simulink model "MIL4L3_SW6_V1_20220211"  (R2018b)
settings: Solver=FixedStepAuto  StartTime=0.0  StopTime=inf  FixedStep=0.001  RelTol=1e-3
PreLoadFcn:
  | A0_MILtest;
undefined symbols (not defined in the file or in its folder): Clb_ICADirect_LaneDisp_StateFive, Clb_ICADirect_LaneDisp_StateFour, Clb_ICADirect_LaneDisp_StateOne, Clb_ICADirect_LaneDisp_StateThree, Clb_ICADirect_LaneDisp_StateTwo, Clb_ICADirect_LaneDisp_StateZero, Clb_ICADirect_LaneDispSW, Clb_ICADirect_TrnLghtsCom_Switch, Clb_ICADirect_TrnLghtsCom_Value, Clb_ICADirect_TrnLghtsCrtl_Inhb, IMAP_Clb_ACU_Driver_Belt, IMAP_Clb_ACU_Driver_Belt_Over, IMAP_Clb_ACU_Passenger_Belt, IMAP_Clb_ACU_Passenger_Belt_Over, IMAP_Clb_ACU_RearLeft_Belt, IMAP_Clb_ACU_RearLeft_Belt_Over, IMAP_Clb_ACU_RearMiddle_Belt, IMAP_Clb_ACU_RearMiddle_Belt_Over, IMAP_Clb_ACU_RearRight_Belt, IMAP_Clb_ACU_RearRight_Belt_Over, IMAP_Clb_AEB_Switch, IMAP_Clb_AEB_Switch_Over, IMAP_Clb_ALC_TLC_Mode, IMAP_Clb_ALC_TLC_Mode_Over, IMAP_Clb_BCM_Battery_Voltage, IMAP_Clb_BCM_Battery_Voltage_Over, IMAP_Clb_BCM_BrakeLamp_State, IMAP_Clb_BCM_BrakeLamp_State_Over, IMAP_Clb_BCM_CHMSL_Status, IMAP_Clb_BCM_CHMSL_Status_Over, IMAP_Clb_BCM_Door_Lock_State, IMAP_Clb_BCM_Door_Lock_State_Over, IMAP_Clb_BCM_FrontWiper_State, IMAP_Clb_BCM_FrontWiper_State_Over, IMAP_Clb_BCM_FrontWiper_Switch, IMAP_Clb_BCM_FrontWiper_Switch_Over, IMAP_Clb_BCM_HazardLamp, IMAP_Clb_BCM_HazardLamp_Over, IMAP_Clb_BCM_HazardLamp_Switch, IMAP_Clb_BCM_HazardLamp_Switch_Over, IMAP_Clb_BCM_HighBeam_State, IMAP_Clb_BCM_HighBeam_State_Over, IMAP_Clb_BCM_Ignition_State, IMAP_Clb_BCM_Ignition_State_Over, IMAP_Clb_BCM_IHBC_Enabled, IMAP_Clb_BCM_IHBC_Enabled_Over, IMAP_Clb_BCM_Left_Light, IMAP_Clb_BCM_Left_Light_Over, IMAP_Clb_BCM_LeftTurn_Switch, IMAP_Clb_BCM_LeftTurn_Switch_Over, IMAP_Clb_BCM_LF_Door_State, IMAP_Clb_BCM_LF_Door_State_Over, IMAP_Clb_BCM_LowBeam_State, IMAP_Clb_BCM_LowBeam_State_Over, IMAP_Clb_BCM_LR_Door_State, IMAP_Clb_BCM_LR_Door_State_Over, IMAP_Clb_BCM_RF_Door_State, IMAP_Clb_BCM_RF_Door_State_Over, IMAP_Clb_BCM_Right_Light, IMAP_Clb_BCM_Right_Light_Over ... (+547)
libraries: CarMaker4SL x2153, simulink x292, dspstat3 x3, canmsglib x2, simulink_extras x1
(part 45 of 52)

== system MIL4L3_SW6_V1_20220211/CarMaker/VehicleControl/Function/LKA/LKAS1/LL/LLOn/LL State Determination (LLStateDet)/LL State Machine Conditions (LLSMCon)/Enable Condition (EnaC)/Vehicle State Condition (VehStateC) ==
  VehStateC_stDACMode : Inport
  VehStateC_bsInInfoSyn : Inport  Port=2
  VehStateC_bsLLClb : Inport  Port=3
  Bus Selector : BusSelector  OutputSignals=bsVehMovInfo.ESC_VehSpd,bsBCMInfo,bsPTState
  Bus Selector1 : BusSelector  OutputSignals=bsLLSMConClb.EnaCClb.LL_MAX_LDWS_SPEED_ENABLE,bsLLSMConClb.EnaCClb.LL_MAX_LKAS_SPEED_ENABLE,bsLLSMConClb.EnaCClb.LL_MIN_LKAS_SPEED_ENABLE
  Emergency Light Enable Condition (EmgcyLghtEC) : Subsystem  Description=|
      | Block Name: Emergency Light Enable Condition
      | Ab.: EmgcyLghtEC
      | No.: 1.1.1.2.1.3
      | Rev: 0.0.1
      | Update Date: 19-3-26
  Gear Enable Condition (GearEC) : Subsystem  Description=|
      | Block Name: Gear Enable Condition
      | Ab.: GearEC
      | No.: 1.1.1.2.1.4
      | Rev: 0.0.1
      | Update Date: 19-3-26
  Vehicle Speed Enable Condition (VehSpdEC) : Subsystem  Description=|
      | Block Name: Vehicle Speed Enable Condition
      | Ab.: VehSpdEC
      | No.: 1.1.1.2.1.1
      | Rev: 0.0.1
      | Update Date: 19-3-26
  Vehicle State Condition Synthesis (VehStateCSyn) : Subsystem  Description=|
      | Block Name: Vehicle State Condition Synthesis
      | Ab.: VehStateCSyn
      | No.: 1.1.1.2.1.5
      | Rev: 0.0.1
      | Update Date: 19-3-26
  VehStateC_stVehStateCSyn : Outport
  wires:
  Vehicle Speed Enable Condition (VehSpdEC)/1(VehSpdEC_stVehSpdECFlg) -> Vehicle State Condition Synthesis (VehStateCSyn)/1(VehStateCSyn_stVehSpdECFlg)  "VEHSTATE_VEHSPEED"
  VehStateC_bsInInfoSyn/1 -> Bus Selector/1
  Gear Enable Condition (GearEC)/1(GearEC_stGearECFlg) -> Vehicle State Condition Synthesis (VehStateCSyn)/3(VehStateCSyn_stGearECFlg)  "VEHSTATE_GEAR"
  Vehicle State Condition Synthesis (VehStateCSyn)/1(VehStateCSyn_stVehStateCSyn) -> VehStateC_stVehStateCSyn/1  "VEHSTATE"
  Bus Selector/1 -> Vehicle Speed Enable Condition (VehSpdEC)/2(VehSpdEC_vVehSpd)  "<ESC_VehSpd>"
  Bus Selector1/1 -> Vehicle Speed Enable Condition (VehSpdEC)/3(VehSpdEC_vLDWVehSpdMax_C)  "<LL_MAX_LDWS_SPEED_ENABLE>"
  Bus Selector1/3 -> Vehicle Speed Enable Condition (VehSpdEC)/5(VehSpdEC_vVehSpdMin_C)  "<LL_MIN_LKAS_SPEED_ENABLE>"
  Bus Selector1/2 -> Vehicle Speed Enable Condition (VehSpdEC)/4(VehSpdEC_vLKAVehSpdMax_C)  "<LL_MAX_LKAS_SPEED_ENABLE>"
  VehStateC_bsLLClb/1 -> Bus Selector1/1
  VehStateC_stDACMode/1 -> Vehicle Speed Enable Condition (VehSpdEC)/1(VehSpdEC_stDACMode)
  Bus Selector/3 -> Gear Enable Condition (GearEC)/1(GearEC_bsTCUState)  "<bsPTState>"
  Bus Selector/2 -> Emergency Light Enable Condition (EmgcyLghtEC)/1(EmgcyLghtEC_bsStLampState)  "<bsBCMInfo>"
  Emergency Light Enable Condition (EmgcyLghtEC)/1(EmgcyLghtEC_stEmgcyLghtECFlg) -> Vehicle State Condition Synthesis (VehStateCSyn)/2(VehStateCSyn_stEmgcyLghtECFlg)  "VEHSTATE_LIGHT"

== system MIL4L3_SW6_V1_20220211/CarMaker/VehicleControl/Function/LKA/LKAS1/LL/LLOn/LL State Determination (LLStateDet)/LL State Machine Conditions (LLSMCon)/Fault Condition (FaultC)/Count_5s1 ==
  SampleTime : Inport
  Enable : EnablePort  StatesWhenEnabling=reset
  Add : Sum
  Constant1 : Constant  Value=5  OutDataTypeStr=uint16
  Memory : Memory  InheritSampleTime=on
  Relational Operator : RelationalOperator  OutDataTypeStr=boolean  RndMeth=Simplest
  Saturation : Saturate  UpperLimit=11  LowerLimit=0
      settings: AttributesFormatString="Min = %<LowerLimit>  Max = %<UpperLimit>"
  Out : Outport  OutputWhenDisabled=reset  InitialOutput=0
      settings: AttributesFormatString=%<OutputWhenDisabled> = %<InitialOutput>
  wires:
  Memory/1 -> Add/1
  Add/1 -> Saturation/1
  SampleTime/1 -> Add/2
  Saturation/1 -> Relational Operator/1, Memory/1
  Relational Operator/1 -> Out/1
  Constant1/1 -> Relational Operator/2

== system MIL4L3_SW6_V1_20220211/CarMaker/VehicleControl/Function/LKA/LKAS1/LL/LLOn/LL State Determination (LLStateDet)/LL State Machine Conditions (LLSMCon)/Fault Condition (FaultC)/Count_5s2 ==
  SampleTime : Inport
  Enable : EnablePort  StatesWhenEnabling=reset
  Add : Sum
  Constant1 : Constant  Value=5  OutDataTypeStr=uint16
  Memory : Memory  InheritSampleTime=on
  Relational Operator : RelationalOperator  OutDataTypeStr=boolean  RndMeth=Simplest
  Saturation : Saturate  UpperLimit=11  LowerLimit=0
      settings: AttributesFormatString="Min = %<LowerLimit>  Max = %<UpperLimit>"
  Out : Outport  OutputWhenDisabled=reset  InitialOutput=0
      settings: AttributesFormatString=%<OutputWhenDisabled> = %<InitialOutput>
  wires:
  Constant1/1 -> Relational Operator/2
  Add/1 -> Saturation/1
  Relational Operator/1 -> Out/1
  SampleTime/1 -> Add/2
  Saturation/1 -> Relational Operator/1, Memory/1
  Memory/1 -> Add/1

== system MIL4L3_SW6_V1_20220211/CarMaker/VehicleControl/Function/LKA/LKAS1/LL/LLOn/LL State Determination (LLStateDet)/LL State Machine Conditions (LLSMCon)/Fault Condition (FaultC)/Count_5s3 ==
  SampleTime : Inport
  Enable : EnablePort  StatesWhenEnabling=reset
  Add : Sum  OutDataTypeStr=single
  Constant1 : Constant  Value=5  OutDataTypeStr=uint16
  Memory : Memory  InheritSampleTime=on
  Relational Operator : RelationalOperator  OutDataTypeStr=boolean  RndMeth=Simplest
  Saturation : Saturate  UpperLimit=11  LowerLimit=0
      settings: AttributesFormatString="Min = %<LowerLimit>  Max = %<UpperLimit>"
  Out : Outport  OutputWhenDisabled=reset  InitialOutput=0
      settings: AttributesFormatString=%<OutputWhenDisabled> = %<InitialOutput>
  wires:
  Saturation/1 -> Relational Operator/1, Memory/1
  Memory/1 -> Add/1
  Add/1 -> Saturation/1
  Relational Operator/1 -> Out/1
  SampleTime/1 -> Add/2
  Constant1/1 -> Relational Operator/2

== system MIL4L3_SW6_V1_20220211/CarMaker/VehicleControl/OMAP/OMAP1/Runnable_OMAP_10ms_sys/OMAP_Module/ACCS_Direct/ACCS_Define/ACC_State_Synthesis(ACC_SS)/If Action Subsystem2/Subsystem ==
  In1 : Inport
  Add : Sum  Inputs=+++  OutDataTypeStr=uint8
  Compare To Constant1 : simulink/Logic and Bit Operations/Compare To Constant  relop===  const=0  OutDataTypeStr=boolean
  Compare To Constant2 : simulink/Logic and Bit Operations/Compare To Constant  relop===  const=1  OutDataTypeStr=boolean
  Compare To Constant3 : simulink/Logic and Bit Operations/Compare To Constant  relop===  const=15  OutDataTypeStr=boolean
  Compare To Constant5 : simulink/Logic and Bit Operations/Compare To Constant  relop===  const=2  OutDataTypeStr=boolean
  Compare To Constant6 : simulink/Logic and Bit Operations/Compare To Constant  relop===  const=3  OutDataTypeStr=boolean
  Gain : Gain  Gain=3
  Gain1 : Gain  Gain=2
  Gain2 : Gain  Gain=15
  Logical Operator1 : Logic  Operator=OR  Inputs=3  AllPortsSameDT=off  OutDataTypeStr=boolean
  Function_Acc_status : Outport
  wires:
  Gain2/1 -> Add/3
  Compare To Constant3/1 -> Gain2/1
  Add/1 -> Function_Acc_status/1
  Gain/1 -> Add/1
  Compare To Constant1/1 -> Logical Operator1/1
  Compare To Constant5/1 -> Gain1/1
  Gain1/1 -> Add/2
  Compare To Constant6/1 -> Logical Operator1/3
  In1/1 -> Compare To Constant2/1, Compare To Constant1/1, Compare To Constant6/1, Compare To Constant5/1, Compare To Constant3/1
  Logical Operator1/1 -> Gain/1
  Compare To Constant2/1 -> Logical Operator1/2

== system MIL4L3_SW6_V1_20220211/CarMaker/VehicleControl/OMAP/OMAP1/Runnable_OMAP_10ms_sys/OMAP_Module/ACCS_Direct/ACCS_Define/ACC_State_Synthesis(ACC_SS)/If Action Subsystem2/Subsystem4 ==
============================================================
» **Problem**: Answer with one number only: how many lines in the data contain the word "VehSpdEC"?

» **Written solution**: 8